▶ [Your goal]: Lift every line from the entries that includes the word "horizontalStack".

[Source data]
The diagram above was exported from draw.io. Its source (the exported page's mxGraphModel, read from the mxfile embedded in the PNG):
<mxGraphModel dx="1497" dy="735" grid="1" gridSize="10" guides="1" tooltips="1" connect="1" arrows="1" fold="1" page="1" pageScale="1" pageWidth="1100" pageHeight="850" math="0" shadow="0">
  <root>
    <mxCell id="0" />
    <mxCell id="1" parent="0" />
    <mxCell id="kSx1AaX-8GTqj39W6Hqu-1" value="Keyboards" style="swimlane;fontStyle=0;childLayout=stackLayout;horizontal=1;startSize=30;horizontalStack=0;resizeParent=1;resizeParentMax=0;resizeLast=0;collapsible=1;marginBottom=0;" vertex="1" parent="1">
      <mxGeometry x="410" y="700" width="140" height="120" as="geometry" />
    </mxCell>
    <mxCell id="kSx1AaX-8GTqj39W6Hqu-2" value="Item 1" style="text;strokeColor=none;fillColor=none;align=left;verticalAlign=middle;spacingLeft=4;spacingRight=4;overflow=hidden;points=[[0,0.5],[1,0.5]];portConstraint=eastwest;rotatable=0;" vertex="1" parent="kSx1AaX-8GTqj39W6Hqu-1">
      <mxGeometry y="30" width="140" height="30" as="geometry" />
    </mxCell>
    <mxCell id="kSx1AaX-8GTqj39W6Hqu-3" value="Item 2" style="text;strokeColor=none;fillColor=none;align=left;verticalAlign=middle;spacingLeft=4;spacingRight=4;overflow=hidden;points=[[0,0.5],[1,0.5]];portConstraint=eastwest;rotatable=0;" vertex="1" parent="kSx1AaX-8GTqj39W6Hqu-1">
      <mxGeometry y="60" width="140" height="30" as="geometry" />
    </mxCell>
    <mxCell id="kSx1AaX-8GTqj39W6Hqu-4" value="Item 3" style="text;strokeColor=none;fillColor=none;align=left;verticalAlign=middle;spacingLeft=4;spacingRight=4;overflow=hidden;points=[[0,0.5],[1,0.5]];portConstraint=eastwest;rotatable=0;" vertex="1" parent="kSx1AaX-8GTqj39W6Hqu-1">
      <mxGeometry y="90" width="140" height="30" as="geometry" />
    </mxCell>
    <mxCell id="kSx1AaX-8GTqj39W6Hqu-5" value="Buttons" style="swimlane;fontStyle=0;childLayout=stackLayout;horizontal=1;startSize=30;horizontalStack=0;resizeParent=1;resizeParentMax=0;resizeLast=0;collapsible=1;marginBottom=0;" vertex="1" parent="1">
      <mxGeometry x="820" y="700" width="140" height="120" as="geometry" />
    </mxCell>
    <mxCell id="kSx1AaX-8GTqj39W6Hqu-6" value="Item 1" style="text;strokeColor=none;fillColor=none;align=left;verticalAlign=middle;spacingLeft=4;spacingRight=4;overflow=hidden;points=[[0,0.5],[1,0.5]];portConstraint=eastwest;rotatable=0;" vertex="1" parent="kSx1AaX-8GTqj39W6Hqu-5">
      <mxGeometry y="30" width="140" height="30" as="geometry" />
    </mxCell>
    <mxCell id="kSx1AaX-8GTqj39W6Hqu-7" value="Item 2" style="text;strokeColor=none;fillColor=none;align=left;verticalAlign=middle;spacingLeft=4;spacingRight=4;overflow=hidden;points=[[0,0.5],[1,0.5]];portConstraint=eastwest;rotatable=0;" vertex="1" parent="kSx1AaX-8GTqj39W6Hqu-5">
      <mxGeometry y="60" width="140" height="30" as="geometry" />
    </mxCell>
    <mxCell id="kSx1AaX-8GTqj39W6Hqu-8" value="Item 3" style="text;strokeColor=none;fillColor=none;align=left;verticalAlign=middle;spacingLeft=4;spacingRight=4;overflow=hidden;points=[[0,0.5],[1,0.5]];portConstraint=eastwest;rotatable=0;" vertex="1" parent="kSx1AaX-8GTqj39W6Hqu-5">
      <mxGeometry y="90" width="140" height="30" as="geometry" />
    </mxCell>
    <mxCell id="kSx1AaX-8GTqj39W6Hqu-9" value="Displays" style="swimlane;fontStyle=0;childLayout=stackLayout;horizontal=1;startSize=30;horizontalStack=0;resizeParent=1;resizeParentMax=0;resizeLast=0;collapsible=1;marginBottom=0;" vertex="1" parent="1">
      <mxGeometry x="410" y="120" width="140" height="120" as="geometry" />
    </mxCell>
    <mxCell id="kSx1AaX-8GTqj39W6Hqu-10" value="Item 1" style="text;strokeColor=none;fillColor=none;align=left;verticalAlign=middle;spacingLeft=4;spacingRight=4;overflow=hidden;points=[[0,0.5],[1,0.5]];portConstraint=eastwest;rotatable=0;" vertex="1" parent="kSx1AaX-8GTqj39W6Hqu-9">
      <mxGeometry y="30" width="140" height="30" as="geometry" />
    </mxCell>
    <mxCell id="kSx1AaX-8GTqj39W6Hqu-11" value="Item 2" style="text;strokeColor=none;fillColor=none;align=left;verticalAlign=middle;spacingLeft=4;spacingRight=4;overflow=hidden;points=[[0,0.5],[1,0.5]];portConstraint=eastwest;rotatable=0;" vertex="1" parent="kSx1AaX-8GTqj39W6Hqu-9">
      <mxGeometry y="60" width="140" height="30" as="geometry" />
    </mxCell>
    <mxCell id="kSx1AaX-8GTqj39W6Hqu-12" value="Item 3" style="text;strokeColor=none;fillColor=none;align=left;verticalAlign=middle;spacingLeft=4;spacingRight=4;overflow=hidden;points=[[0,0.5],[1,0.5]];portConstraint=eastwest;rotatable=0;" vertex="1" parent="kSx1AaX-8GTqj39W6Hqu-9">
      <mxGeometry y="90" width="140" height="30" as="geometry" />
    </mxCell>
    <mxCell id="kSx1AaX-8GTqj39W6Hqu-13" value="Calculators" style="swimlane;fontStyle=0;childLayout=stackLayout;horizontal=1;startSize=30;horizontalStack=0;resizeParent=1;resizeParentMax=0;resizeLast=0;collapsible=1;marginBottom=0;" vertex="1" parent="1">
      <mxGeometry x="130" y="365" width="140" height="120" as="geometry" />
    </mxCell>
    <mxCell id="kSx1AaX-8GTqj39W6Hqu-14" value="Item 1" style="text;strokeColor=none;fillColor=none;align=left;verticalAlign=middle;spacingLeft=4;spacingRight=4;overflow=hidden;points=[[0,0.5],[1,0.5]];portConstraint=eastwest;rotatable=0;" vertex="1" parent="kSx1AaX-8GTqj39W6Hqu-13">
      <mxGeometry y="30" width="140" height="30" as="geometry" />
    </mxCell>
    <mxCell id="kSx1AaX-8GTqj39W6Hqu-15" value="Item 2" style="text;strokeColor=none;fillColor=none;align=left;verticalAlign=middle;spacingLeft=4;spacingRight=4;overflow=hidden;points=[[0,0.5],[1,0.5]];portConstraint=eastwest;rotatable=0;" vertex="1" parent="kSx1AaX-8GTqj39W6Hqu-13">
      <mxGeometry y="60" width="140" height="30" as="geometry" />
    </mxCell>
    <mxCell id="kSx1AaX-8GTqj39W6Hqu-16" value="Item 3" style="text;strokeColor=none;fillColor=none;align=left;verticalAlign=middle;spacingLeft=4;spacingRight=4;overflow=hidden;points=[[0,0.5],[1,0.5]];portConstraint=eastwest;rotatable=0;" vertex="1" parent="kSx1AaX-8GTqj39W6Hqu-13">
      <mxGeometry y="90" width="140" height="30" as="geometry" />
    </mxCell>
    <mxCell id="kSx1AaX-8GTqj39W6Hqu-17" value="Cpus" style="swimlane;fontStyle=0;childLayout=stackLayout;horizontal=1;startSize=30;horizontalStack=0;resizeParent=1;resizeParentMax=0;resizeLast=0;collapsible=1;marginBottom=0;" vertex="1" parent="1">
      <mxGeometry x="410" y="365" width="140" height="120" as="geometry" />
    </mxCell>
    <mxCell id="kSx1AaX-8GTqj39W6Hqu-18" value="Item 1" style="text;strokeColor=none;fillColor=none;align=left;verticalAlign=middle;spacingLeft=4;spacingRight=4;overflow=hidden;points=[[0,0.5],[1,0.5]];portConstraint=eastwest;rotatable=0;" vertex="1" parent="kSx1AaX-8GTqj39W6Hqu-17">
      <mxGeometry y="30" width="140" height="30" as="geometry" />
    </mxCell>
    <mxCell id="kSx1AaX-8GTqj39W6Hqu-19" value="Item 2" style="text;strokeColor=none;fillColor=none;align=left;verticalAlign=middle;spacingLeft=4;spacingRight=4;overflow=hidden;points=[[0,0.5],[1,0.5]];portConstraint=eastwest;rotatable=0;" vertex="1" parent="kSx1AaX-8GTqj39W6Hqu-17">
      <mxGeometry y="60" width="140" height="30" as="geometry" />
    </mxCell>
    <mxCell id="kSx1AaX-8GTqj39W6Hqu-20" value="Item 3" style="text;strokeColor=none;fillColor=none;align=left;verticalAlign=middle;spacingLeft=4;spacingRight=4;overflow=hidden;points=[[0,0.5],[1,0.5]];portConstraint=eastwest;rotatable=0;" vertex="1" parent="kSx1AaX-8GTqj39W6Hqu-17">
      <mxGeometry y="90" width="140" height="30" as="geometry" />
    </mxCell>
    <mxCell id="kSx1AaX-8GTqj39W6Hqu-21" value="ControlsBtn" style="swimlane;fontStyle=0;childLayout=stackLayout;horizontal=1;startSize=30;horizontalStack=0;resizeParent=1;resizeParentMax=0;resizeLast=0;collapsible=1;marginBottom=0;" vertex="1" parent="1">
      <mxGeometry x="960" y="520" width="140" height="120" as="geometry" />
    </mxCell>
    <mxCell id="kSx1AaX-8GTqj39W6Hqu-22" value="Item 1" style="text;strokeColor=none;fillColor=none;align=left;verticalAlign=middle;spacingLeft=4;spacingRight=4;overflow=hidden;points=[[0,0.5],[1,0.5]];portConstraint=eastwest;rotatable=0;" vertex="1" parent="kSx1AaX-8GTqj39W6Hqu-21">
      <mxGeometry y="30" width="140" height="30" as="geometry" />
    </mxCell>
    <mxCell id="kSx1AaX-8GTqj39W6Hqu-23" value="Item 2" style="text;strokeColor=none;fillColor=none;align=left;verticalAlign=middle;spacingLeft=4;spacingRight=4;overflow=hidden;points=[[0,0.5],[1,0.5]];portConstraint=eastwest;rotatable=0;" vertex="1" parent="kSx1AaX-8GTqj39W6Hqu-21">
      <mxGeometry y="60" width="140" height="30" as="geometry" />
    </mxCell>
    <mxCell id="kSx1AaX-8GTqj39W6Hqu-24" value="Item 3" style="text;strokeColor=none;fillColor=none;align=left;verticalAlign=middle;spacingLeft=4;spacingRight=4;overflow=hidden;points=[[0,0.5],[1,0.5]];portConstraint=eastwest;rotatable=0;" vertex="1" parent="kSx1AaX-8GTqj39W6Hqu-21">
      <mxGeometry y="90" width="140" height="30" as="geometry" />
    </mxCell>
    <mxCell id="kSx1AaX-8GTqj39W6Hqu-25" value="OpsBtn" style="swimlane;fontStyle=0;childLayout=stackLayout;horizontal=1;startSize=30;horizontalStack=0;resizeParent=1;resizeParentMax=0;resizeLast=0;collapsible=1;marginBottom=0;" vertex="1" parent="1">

▶ [Exercise solution]:
    <mxCell id="kSx1AaX-8GTqj39W6Hqu-1" value="Keyboards" style="swimlane;fontStyle=0;childLayout=stackLayout;horizontal=1;startSize=30;horizontalStack=0;resizeParent=1;resizeParentMax=0;resizeLast=0;collapsible=1;marginBottom=0;" vertex="1" parent="1">
    <mxCell id="kSx1AaX-8GTqj39W6Hqu-5" value="Buttons" style="swimlane;fontStyle=0;childLayout=stackLayout;horizontal=1;startSize=30;horizontalStack=0;resizeParent=1;resizeParentMax=0;resizeLast=0;collapsible=1;marginBottom=0;" vertex="1" parent="1">
    <mxCell id="kSx1AaX-8GTqj39W6Hqu-9" value="Displays" style="swimlane;fontStyle=0;childLayout=stackLayout;horizontal=1;startSize=30;horizontalStack=0;resizeParent=1;resizeParentMax=0;resizeLast=0;collapsible=1;marginBottom=0;" vertex="1" parent="1">
    <mxCell id="kSx1AaX-8GTqj39W6Hqu-13" value="Calculators" style="swimlane;fontStyle=0;childLayout=stackLayout;horizontal=1;startSize=30;horizontalStack=0;resizeParent=1;resizeParentMax=0;resizeLast=0;collapsible=1;marginBottom=0;" vertex="1" parent="1">
    <mxCell id="kSx1AaX-8GTqj39W6Hqu-17" value="Cpus" style="swimlane;fontStyle=0;childLayout=stackLayout;horizontal=1;startSize=30;horizontalStack=0;resizeParent=1;resizeParentMax=0;resizeLast=0;collapsible=1;marginBottom=0;" vertex="1" parent="1">
    <mxCell id="kSx1AaX-8GTqj39W6Hqu-21" value="ControlsBtn" style="swimlane;fontStyle=0;childLayout=stackLayout;horizontal=1;startSize=30;horizontalStack=0;resizeParent=1;resizeParentMax=0;resizeLast=0;collapsible=1;marginBottom=0;" vertex="1" parent="1">
    <mxCell id="kSx1AaX-8GTqj39W6Hqu-25" value="OpsBtn" style="swimlane;fontStyle=0;childLayout=stackLayout;horizontal=1;startSize=30;horizontalStack=0;resizeParent=1;resizeParentMax=0;resizeLast=0;collapsible=1;marginBottom=0;" vertex="1" parent="1">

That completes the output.